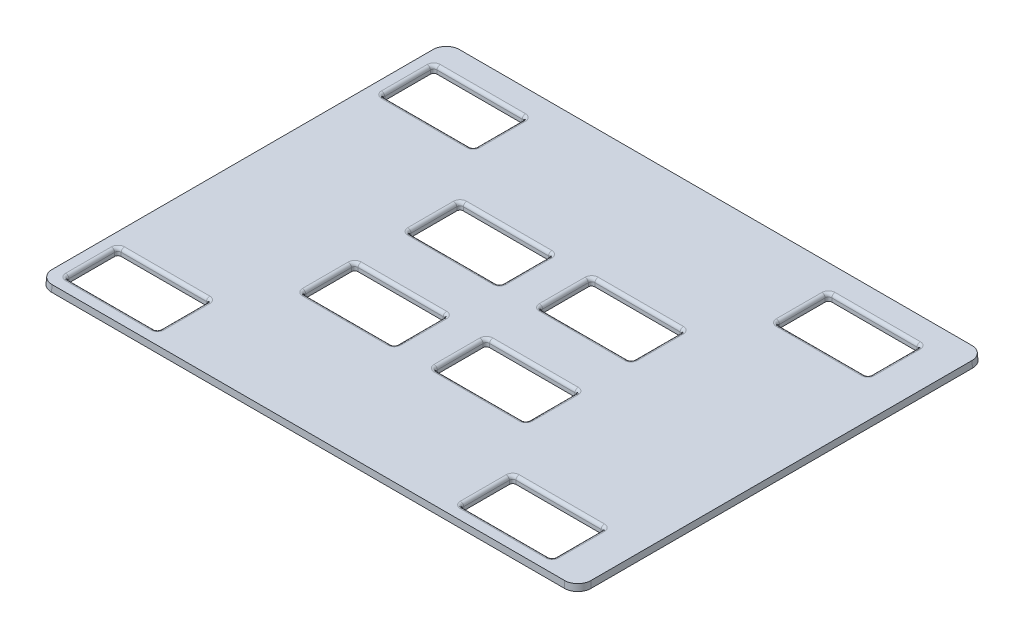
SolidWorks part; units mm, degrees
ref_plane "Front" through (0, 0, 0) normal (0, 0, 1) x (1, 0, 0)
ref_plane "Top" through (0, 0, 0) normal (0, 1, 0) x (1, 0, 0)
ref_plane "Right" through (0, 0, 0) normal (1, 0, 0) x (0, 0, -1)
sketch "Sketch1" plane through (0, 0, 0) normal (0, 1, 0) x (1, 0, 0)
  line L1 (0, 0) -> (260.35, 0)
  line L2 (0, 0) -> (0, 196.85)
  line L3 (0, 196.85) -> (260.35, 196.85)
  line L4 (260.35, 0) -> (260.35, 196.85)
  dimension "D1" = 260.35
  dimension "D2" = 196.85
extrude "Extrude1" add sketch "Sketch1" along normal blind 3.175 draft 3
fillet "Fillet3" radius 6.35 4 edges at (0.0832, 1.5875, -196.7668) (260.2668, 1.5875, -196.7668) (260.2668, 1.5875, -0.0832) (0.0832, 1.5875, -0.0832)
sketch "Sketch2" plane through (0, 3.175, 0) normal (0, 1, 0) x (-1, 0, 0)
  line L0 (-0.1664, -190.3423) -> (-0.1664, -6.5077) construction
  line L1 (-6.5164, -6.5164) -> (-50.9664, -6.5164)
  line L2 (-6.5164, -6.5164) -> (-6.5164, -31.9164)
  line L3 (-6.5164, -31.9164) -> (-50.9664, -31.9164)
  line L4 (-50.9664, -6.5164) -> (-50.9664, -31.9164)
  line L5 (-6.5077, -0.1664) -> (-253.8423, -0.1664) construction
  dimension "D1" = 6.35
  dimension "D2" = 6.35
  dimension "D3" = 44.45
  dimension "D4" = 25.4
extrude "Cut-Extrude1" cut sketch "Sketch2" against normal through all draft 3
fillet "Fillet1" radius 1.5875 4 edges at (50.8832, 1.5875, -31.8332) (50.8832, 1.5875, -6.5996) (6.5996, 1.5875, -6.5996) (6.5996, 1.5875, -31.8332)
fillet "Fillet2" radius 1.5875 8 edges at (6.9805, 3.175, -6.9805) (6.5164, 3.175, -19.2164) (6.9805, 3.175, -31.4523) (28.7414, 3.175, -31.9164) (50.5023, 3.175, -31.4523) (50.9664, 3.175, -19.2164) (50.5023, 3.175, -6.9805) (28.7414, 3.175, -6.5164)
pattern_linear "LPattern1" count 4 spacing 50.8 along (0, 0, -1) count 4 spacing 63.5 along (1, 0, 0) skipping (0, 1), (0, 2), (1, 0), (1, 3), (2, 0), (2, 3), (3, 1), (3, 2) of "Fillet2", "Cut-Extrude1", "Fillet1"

* * * * * * * * *

Once you have counted the lines above containing the word "along", state that number and nothing more.

2